Structure of a compound exhibiting intermolecular S-S interactions between identical sulfur atoms.
3. Results and discussion
3.1. Non-covalent interaction between two
chemically-identical sulfur atoms in a Sn
complex
Fig. 1 illustrates the structure of a compound exhibiting
a sulfur-sulfur distance of 3.4561(7) Å [3] between two
identical molecules found within the crystallographic
cell, shorter than the sum of their van der Waals radii,
3.630 Å. The only other close contacts, also shown in
Fig. 1, are two 3.033 Å distances between each sulfur
and a methyl proton; these sulfur-hydrogen distances
are 0.018 Å longer than the respective sum of van der
Waals radii.
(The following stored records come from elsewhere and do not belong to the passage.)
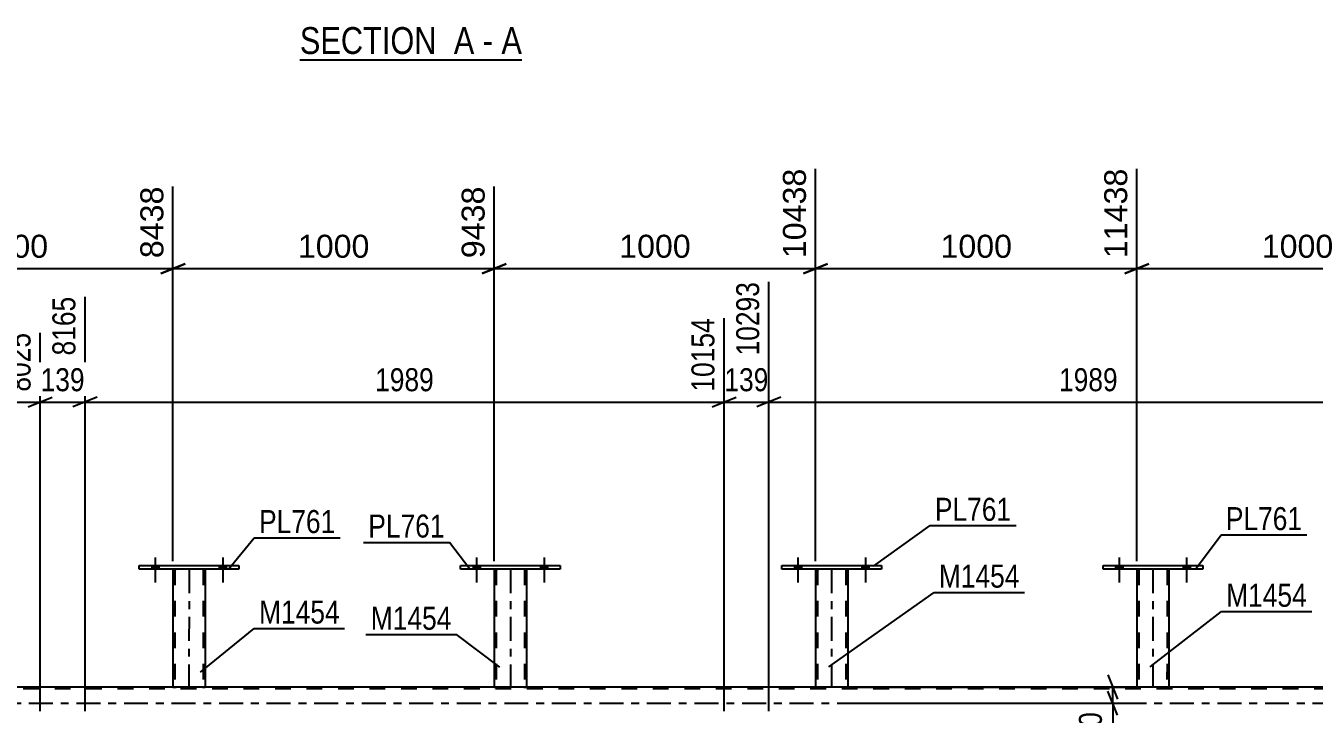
# Model space of a CAD drawing. Header units: millimetres. Extents: x 0 to 3377, y 0 to 1913.
# Drawn here: x 365.6 to 526, y 414.1 to 499.8 of the extents above; entities that cross this region are included whole.
import ezdxf

# ---------------------------------------------------------------- set-up
doc = ezdxf.new("R2010")
doc.units = ezdxf.units.MM
doc.linetypes.add('DXK_LINE_DOT2', pattern=[3.9198, 1.9599, -1.9599])
doc.linetypes.add('DXK_LINE_DOT3', pattern=[5.9187, 2.979, -0.9799, 0.9799, -0.9799])
doc.styles.add('Arial', font='ARIAL.TTF', dxfattribs={"height": 0.2})
doc.styles.add('Arial Narrow', font='ARIALN.TTF', dxfattribs={"height": 0.2})

# ---------------------------------------------------------------- blocks, each defined once
blk = doc.blocks.new('Unknown-203723820-11 - 5729')
at = {"color": 6, "linetype": 'Continuous'}
blk.add_line((399.75, 495.5), (427.39, 495.5), dxfattribs=at)
at = {"color": 0, "linetype": 'Continuous'}
for points in [[(417.86, 496.25), (417.86, 499.75), (399.75, 499.75), (399.75, 496.25)], [(421.46, 496.25), (421.46, 499.75), (418.91, 499.75), (418.91, 496.25)], [(423.79, 496.25), (423.79, 499.75), (422.51, 499.75), (422.51, 496.25)], [(427.39, 496.25), (427.39, 499.75), (424.84, 499.75), (424.84, 496.25)]]:
    blk.add_wipeout(points, dxfattribs=at)
at = {"color": 7, "linetype": 'Continuous', "style": 'Arial Narrow'}
for s, p in [('SECTION ', (399.75, 496.25)), ('A', (418.91, 496.25)), ('A', (424.84, 496.25)), ('-', (422.51, 496.25))]:
    blk.add_text(s, height=3.34, dxfattribs=at).set_placement(p)
blk = doc.blocks.new('Bolt-203723820-3035 - 2969')
at = {"linetype": 'Continuous'}
for points in [[(421.31, 432.15), (422.19, 432.15), (422.19, 432.63), (421.31, 432.63)], [(429.71, 432.15), (430.59, 432.15), (430.59, 432.63), (429.71, 432.63)]]:
    blk.add_hatch(color=1, dxfattribs=at).paths.add_polyline_path(points)
at = {"color": 1, "linetype": 'Continuous'}
for p, q in [((421.75, 433.63), (421.75, 430.51)), ((430.15, 433.63), (430.15, 430.51)), ((421.31, 432.63), (421.31, 432.15)), ((422.19, 432.63), (422.19, 432.15)), ((429.71, 432.63), (429.71, 432.15)), ((430.59, 432.63), (430.59, 432.15))]:
    blk.add_line(p, q, dxfattribs=at)
blk = doc.blocks.new('Part-203723820-2997 - 2969')
at = {"color": 2, "linetype": 'Continuous'}
for p, q in [((459.75, 432.15), (459.75, 432.63)), ((459.75, 432.63), (472.15, 432.63)), ((472.15, 432.15), (459.75, 432.15)), ((472.15, 432.63), (472.15, 432.15))]:
    blk.add_line(p, q, dxfattribs=at)
blk = doc.blocks.new('Bolt-203723820-3057 - 2969')
at = {"linetype": 'Continuous'}
for points in [[(501.31, 432.15), (502.19, 432.15), (502.19, 432.63), (501.31, 432.63)], [(509.71, 432.15), (510.59, 432.15), (510.59, 432.63), (509.71, 432.63)]]:
    blk.add_hatch(color=1, dxfattribs=at).paths.add_polyline_path(points)
at = {"color": 1, "linetype": 'Continuous'}
for p, q in [((501.75, 433.63), (501.75, 430.51)), ((510.15, 433.63), (510.15, 430.51)), ((501.31, 432.63), (501.31, 432.15)), ((502.19, 432.63), (502.19, 432.15)), ((509.71, 432.63), (509.71, 432.15)), ((510.59, 432.63), (510.59, 432.15))]:
    blk.add_line(p, q, dxfattribs=at)
blk = doc.blocks.new('Part-203723820-3012 - 2969')
at = {"color": 2, "linetype": 'Continuous'}
for p, q in [((463.95, 432.15), (463.95, 417.51)), ((467.95, 432.15), (467.95, 417.51)), ((463.98, 417.51), (463.95, 417.51)), ((464.09, 417.51), (463.98, 417.51)), ((464.24, 417.51), (464.09, 417.51)), ((467.65, 417.51), (464.24, 417.51)), ((467.81, 417.51), (467.65, 417.51)), ((467.91, 417.51), (467.81, 417.51)), ((467.95, 417.51), (467.91, 417.51))]:
    blk.add_line(p, q, dxfattribs=at)
at = {"color": 7, "linetype": 'DXK_LINE_DOT2'}
for p, q in [((463.95, 432.15), (463.95, 432.15)), ((463.95, 432.15), (463.95, 432.15)), ((463.95, 432.15), (463.95, 432.15)), ((463.99, 432.15), (463.95, 432.15)), ((463.95, 432.15), (463.99, 432.15)), ((464.09, 432.15), (463.99, 432.15)), ((463.99, 432.15), (464.09, 432.15)), ((464.25, 432.15), (464.09, 432.15)), ((464.09, 432.15), (464.25, 432.15)), ((464.19, 432.15), (464.19, 432.15)), ((464.19, 432.15), (464.19, 417.51)), ((464.21, 432.15), (464.19, 432.15)), ((464.19, 432.15), (464.21, 432.15)), ((464.26, 432.15), (464.21, 432.15)), ((464.21, 432.15), (464.26, 432.15)), ((467.65, 432.15), (464.25, 432.15)), ((467.65, 432.15), (464.25, 432.15)), ((467.56, 432.15), (464.26, 432.15)), ((464.26, 432.15), (464.34, 432.15)), ((467.64, 432.15), (464.34, 432.15)), ((467.64, 432.15), (467.56, 432.15)), ((467.69, 432.15), (467.64, 432.15)), ((467.64, 432.15), (467.69, 432.15)), ((467.65, 432.15), (467.81, 432.15)), ((467.81, 432.15), (467.65, 432.15)), ((467.71, 432.15), (467.69, 432.15)), ((467.69, 432.15), (467.71, 432.15)), ((467.71, 432.15), (467.71, 432.15)), ((467.71, 432.15), (467.71, 417.51)), ((467.81, 432.15), (467.91, 432.15)), ((467.91, 432.15), (467.81, 432.15)), ((467.91, 432.15), (467.95, 432.15)), ((467.95, 432.15), (467.91, 432.15)), ((467.95, 432.15), (467.95, 432.15)), ((467.95, 432.15), (467.95, 432.15)), ((467.95, 432.15), (467.95, 432.15)), ((463.95, 417.51), (463.98, 417.51)), ((463.98, 417.51), (464.09, 417.51)), ((464.09, 417.51), (464.24, 417.51)), ((464.19, 417.51), (464.2, 417.51)), ((464.19, 417.51), (464.2, 417.51)), ((467.56, 417.51), (464.2, 417.51)), ((464.2, 417.51), (464.24, 417.51)), ((467.65, 417.51), (464.24, 417.51)), ((464.24, 417.51), (464.26, 417.51)), ((464.26, 417.51), (464.33, 417.51)), ((467.64, 417.51), (464.33, 417.51)), ((467.64, 417.51), (467.56, 417.51)), ((467.69, 417.51), (467.64, 417.51)), ((467.64, 417.51), (467.69, 417.51)), ((467.65, 417.51), (467.81, 417.51)), ((467.71, 417.51), (467.69, 417.51)), ((467.69, 417.51), (467.71, 417.51)), ((467.81, 417.51), (467.91, 417.51)), ((467.91, 417.51), (467.95, 417.51))]:
    blk.add_line(p, q, dxfattribs=at)
at = {"color": 7, "linetype": 'DXK_LINE_DOT3'}
blk.add_line((465.95, 432.15), (465.95, 417.51), dxfattribs=at)
blk = doc.blocks.new('Bolt-203723820-3025 - 2969')
at = {"linetype": 'Continuous'}
for points in [[(381.31, 432.15), (382.19, 432.15), (382.19, 432.63), (381.31, 432.63)], [(389.71, 432.15), (390.59, 432.15), (390.59, 432.63), (389.71, 432.63)]]:
    blk.add_hatch(color=1, dxfattribs=at).paths.add_polyline_path(points)
at = {"color": 1, "linetype": 'Continuous'}
for p, q in [((381.75, 433.63), (381.75, 430.51)), ((390.15, 433.63), (390.15, 430.51)), ((381.31, 432.63), (381.31, 432.15)), ((382.19, 432.63), (382.19, 432.15)), ((389.71, 432.63), (389.71, 432.15)), ((390.59, 432.63), (390.59, 432.15))]:
    blk.add_line(p, q, dxfattribs=at)
blk = doc.blocks.new('Bolt-203723820-3034 - 2969')
at = {"linetype": 'Continuous'}
for points in [[(421.31, 432.15), (422.19, 432.15), (422.19, 432.63), (421.31, 432.63)], [(429.71, 432.15), (430.59, 432.15), (430.59, 432.63), (429.71, 432.63)]]:
    blk.add_hatch(color=1, dxfattribs=at).paths.add_polyline_path(points)
at = {"color": 1, "linetype": 'Continuous'}
for p, q in [((421.75, 433.63), (421.75, 430.51)), ((430.15, 433.63), (430.15, 430.51)), ((421.31, 432.63), (421.31, 432.15)), ((422.19, 432.63), (422.19, 432.15)), ((429.71, 432.63), (429.71, 432.15)), ((430.59, 432.63), (430.59, 432.15))]:
    blk.add_line(p, q, dxfattribs=at)
blk = doc.blocks.new('Bolt-203723820-3054 - 2969')
at = {"linetype": 'Continuous'}
for points in [[(381.31, 432.15), (382.19, 432.15), (382.19, 432.63), (381.31, 432.63)], [(389.71, 432.15), (390.59, 432.15), (390.59, 432.63), (389.71, 432.63)]]:
    blk.add_hatch(color=1, dxfattribs=at).paths.add_polyline_path(points)
at = {"color": 1, "linetype": 'Continuous'}
for p, q in [((381.75, 433.63), (381.75, 430.51)), ((390.15, 433.63), (390.15, 430.51)), ((381.31, 432.63), (381.31, 432.15)), ((382.19, 432.63), (382.19, 432.15)), ((389.71, 432.63), (389.71, 432.15)), ((390.59, 432.63), (390.59, 432.15))]:
    blk.add_line(p, q, dxfattribs=at)
blk = doc.blocks.new('Bolt-203723820-3058 - 2969')
at = {"linetype": 'Continuous'}
for points in [[(501.31, 432.15), (502.19, 432.15), (502.19, 432.63), (501.31, 432.63)], [(509.71, 432.15), (510.59, 432.15), (510.59, 432.63), (509.71, 432.63)]]:
    blk.add_hatch(color=1, dxfattribs=at).paths.add_polyline_path(points)
at = {"color": 1, "linetype": 'Continuous'}
for p, q in [((501.75, 433.63), (501.75, 430.51)), ((510.15, 433.63), (510.15, 430.51)), ((501.31, 432.63), (501.31, 432.15)), ((502.19, 432.63), (502.19, 432.15)), ((509.71, 432.63), (509.71, 432.15)), ((510.59, 432.63), (510.59, 432.15))]:
    blk.add_line(p, q, dxfattribs=at)
blk = doc.blocks.new('Part-203723820-3103 - 2969')
at = {"color": 7, "linetype": 'DXK_LINE_DOT2'}
for p, q in [((767.08, 417.27), (46.41, 417.27)), ((387.94, 417.51), (387.46, 417.51)), ((427.95, 417.51), (427.47, 417.51)), ((467.95, 417.51), (467.47, 417.51)), ((507.94, 417.51), (507.46, 417.51))]:
    blk.add_line(p, q, dxfattribs=at)
at = {"color": 2, "linetype": 'Continuous'}
for p, q in [((387.46, 417.51), (347.94, 417.51)), ((427.47, 417.51), (387.94, 417.51)), ((467.47, 417.51), (427.95, 417.51)), ((507.46, 417.51), (467.95, 417.51)), ((547.46, 417.51), (507.94, 417.51))]:
    blk.add_line(p, q, dxfattribs=at)
at = {"color": 7, "linetype": 'DXK_LINE_DOT3'}
blk.add_line((46.41, 415.51), (767.08, 415.51), dxfattribs=at)
blk = doc.blocks.new('Part-203723820-3076 - 2969')
at = {"color": 2, "linetype": 'Continuous'}
for p, q in [((503.95, 432.15), (503.94, 417.51)), ((507.95, 432.15), (507.94, 417.51)), ((503.98, 417.51), (503.94, 417.51)), ((504.08, 417.51), (503.98, 417.51)), ((504.24, 417.51), (504.08, 417.51)), ((507.65, 417.51), (504.24, 417.51)), ((507.8, 417.51), (507.65, 417.51)), ((507.91, 417.51), (507.8, 417.51)), ((507.94, 417.51), (507.91, 417.51))]:
    blk.add_line(p, q, dxfattribs=at)
at = {"color": 7, "linetype": 'DXK_LINE_DOT2'}
for p, q in [((503.95, 432.15), (503.95, 432.15)), ((503.95, 432.15), (503.95, 432.15)), ((503.95, 432.15), (503.95, 432.15)), ((503.99, 432.15), (503.95, 432.15)), ((503.95, 432.15), (503.99, 432.15)), ((504.09, 432.15), (503.99, 432.15)), ((503.99, 432.15), (504.09, 432.15)), ((504.24, 432.15), (504.09, 432.15)), ((504.09, 432.15), (504.24, 432.15)), ((504.19, 432.15), (504.18, 417.51)), ((504.19, 432.15), (504.19, 432.15)), ((504.21, 432.15), (504.19, 432.15)), ((504.19, 432.15), (504.21, 432.15)), ((504.26, 432.15), (504.21, 432.15)), ((504.21, 432.15), (504.26, 432.15)), ((507.65, 432.15), (504.24, 432.15)), ((507.65, 432.15), (504.24, 432.15)), ((507.56, 432.15), (504.26, 432.15)), ((504.26, 432.15), (504.34, 432.15)), ((507.64, 432.15), (504.34, 432.15)), ((507.64, 432.15), (507.56, 432.15)), ((507.69, 432.15), (507.64, 432.15)), ((507.64, 432.15), (507.69, 432.15)), ((507.65, 432.15), (507.81, 432.15)), ((507.81, 432.15), (507.65, 432.15)), ((507.71, 432.15), (507.69, 432.15)), ((507.69, 432.15), (507.71, 432.15)), ((507.71, 432.15), (507.7, 417.51)), ((507.71, 432.15), (507.71, 432.15)), ((507.81, 432.15), (507.91, 432.15)), ((507.91, 432.15), (507.81, 432.15)), ((507.91, 432.15), (507.95, 432.15)), ((507.95, 432.15), (507.91, 432.15)), ((507.95, 432.15), (507.95, 432.15)), ((507.95, 432.15), (507.95, 432.15)), ((507.95, 432.15), (507.95, 432.15)), ((503.94, 417.51), (503.98, 417.51)), ((503.98, 417.51), (504.08, 417.51)), ((504.08, 417.51), (504.24, 417.51)), ((504.18, 417.51), (504.2, 417.51)), ((504.18, 417.51), (504.2, 417.51)), ((507.56, 417.51), (504.2, 417.51)), ((504.2, 417.51), (504.24, 417.51)), ((507.65, 417.51), (504.24, 417.51)), ((504.24, 417.51), (504.25, 417.51)), ((504.25, 417.51), (504.33, 417.51)), ((507.63, 417.51), (504.33, 417.51)), ((507.63, 417.51), (507.56, 417.51)), ((507.69, 417.51), (507.63, 417.51)), ((507.63, 417.51), (507.69, 417.51)), ((507.65, 417.51), (507.8, 417.51)), ((507.7, 417.51), (507.69, 417.51)), ((507.69, 417.51), (507.7, 417.51)), ((507.8, 417.51), (507.91, 417.51)), ((507.91, 417.51), (507.94, 417.51))]:
    blk.add_line(p, q, dxfattribs=at)
at = {"color": 7, "linetype": 'DXK_LINE_DOT3'}
blk.add_line((505.95, 432.15), (505.94, 417.51), dxfattribs=at)
blk = doc.blocks.new('Part-203723820-3398 - 2969')
at = {"color": 2, "linetype": 'Continuous'}
for p, q in [((383.95, 432.15), (383.94, 417.51)), ((387.95, 432.15), (387.94, 417.51)), ((383.98, 417.51), (383.94, 417.51)), ((384.08, 417.51), (383.98, 417.51)), ((384.24, 417.51), (384.08, 417.51)), ((387.65, 417.51), (384.24, 417.51)), ((387.8, 417.51), (387.65, 417.51)), ((387.91, 417.51), (387.8, 417.51)), ((387.94, 417.51), (387.91, 417.51))]:
    blk.add_line(p, q, dxfattribs=at)
at = {"color": 7, "linetype": 'DXK_LINE_DOT2'}
for p, q in [((383.95, 432.15), (383.95, 432.15)), ((383.95, 432.15), (383.95, 432.15)), ((383.95, 432.15), (383.95, 432.15)), ((383.98, 432.15), (383.95, 432.15)), ((383.95, 432.15), (383.98, 432.15)), ((384.09, 432.15), (383.98, 432.15)), ((383.98, 432.15), (384.09, 432.15)), ((384.24, 432.15), (384.09, 432.15)), ((384.09, 432.15), (384.24, 432.15)), ((384.19, 432.15), (384.18, 417.51)), ((384.19, 432.15), (384.19, 432.15)), ((384.21, 432.15), (384.19, 432.15)), ((384.19, 432.15), (384.21, 432.15)), ((384.26, 432.15), (384.21, 432.15)), ((384.21, 432.15), (384.26, 432.15)), ((387.65, 432.15), (384.24, 432.15)), ((387.65, 432.15), (384.24, 432.15)), ((387.56, 432.15), (384.26, 432.15)), ((384.26, 432.15), (384.34, 432.15)), ((387.64, 432.15), (384.34, 432.15)), ((387.64, 432.15), (387.56, 432.15)), ((387.69, 432.15), (387.64, 432.15)), ((387.64, 432.15), (387.69, 432.15)), ((387.65, 432.15), (387.81, 432.15)), ((387.81, 432.15), (387.65, 432.15)), ((387.71, 432.15), (387.69, 432.15)), ((387.69, 432.15), (387.71, 432.15)), ((387.71, 432.15), (387.7, 417.51)), ((387.71, 432.15), (387.71, 432.15)), ((387.81, 432.15), (387.91, 432.15)), ((387.91, 432.15), (387.81, 432.15)), ((387.91, 432.15), (387.95, 432.15)), ((387.95, 432.15), (387.91, 432.15)), ((387.95, 432.15), (387.95, 432.15)), ((387.95, 432.15), (387.95, 432.15)), ((387.95, 432.15), (387.95, 432.15)), ((383.94, 417.51), (383.98, 417.51)), ((383.98, 417.51), (384.08, 417.51)), ((384.08, 417.51), (384.24, 417.51)), ((384.18, 417.51), (384.2, 417.51)), ((384.18, 417.51), (384.2, 417.51)), ((387.56, 417.51), (384.2, 417.51)), ((384.2, 417.51), (384.24, 417.51)), ((387.65, 417.51), (384.24, 417.51)), ((384.24, 417.51), (384.25, 417.51)), ((384.25, 417.51), (384.33, 417.51)), ((387.63, 417.51), (384.33, 417.51)), ((387.63, 417.51), (387.56, 417.51)), ((387.68, 417.51), (387.63, 417.51)), ((387.63, 417.51), (387.68, 417.51)), ((387.65, 417.51), (387.8, 417.51)), ((387.7, 417.51), (387.68, 417.51)), ((387.68, 417.51), (387.7, 417.51)), ((387.8, 417.51), (387.91, 417.51)), ((387.91, 417.51), (387.94, 417.51))]:
    blk.add_line(p, q, dxfattribs=at)
at = {"color": 7, "linetype": 'DXK_LINE_DOT3'}
blk.add_line((385.95, 432.15), (385.94, 417.51), dxfattribs=at)
blk = doc.blocks.new('Part-203723820-3351 - 2969')
at = {"color": 2, "linetype": 'Continuous'}
for p, q in [((419.75, 432.15), (419.75, 432.63)), ((419.75, 432.63), (432.15, 432.63)), ((432.15, 432.15), (419.75, 432.15)), ((432.15, 432.63), (432.15, 432.15))]:
    blk.add_line(p, q, dxfattribs=at)
blk = doc.blocks.new('Part-203723820-3388 - 2969')
at = {"color": 2, "linetype": 'Continuous'}
for p, q in [((423.95, 432.15), (423.95, 417.51)), ((427.95, 432.15), (427.95, 417.51)), ((423.98, 417.51), (423.95, 417.51)), ((424.09, 417.51), (423.98, 417.51)), ((424.24, 417.51), (424.09, 417.51)), ((427.65, 417.51), (424.24, 417.51)), ((427.8, 417.51), (427.65, 417.51)), ((427.91, 417.51), (427.8, 417.51)), ((427.95, 417.51), (427.91, 417.51))]:
    blk.add_line(p, q, dxfattribs=at)
at = {"color": 7, "linetype": 'DXK_LINE_DOT2'}
for p, q in [((423.95, 432.15), (423.95, 432.15)), ((423.95, 432.15), (423.95, 432.15)), ((423.95, 432.15), (423.95, 432.15)), ((423.99, 432.15), (423.95, 432.15)), ((423.95, 432.15), (423.99, 432.15)), ((424.09, 432.15), (423.99, 432.15)), ((423.99, 432.15), (424.09, 432.15)), ((424.25, 432.15), (424.09, 432.15)), ((424.09, 432.15), (424.25, 432.15)), ((424.19, 432.15), (424.19, 432.15)), ((424.19, 432.15), (424.19, 417.51)), ((424.21, 432.15), (424.19, 432.15)), ((424.19, 432.15), (424.21, 432.15)), ((424.26, 432.15), (424.21, 432.15)), ((424.21, 432.15), (424.26, 432.15)), ((427.65, 432.15), (424.25, 432.15)), ((427.65, 432.15), (424.25, 432.15)), ((427.56, 432.15), (424.26, 432.15)), ((424.26, 432.15), (424.34, 432.15)), ((427.64, 432.15), (424.34, 432.15)), ((427.64, 432.15), (427.56, 432.15)), ((427.69, 432.15), (427.64, 432.15)), ((427.64, 432.15), (427.69, 432.15)), ((427.65, 432.15), (427.81, 432.15)), ((427.81, 432.15), (427.65, 432.15)), ((427.71, 432.15), (427.69, 432.15)), ((427.69, 432.15), (427.71, 432.15)), ((427.71, 432.15), (427.71, 432.15)), ((427.71, 432.15), (427.71, 417.51)), ((427.81, 432.15), (427.91, 432.15)), ((427.91, 432.15), (427.81, 432.15)), ((427.91, 432.15), (427.95, 432.15)), ((427.95, 432.15), (427.91, 432.15)), ((427.95, 432.15), (427.95, 432.15)), ((427.95, 432.15), (427.95, 432.15)), ((427.95, 432.15), (427.95, 432.15)), ((423.95, 417.51), (423.98, 417.51)), ((423.98, 417.51), (424.09, 417.51)), ((424.09, 417.51), (424.24, 417.51)), ((424.19, 417.51), (424.2, 417.51)), ((424.19, 417.51), (424.2, 417.51)), ((427.56, 417.51), (424.2, 417.51)), ((424.2, 417.51), (424.24, 417.51)), ((427.65, 417.51), (424.24, 417.51)), ((424.24, 417.51), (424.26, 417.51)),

Under these conditions, unless the two
molecules are forced in this particular geometry by
crystal packing forces involving other parts of the dimer,
one reason why the two sulfur atoms would be sitting
closer to each other by 0.173 Å compared to the sum
of their van der Waals radii, would be an attractive force
between the two atoms.
Fig. 2 illustrates the electron density resulting from
an electronic structure calculation (single-point, BP86/631G**) using the experimentally-known geometry,
truncated by reducing the phenyl rings to methyl groups,
and the bipyridyl units to pyridyl. It can be seen that the
only region of continuous electron density connecting
the two molecules is the sulfur-sulfur axis.
Figure 2.
Electron density computed for a truncated version of the
experimental structure shown in Fig. 1 (Isovalue=0.008;
BP86/6-31G**, single-point calculation on crystal
structure coordinates).
Fig. 3 illustrates the one frontier molecular orbital
which was found to correlate with the electron density in
Fig. 2, extending between the two sulfur atoms. It can be
seen that this molecular orbital has strong contributions
from the p orbitals belonging to the two sulfur atoms;
these p orbitals thus appear to engage in a π-type
interaction. One may therefore speculate that it is this
molecular orbital (or the respective p-p orbital interaction)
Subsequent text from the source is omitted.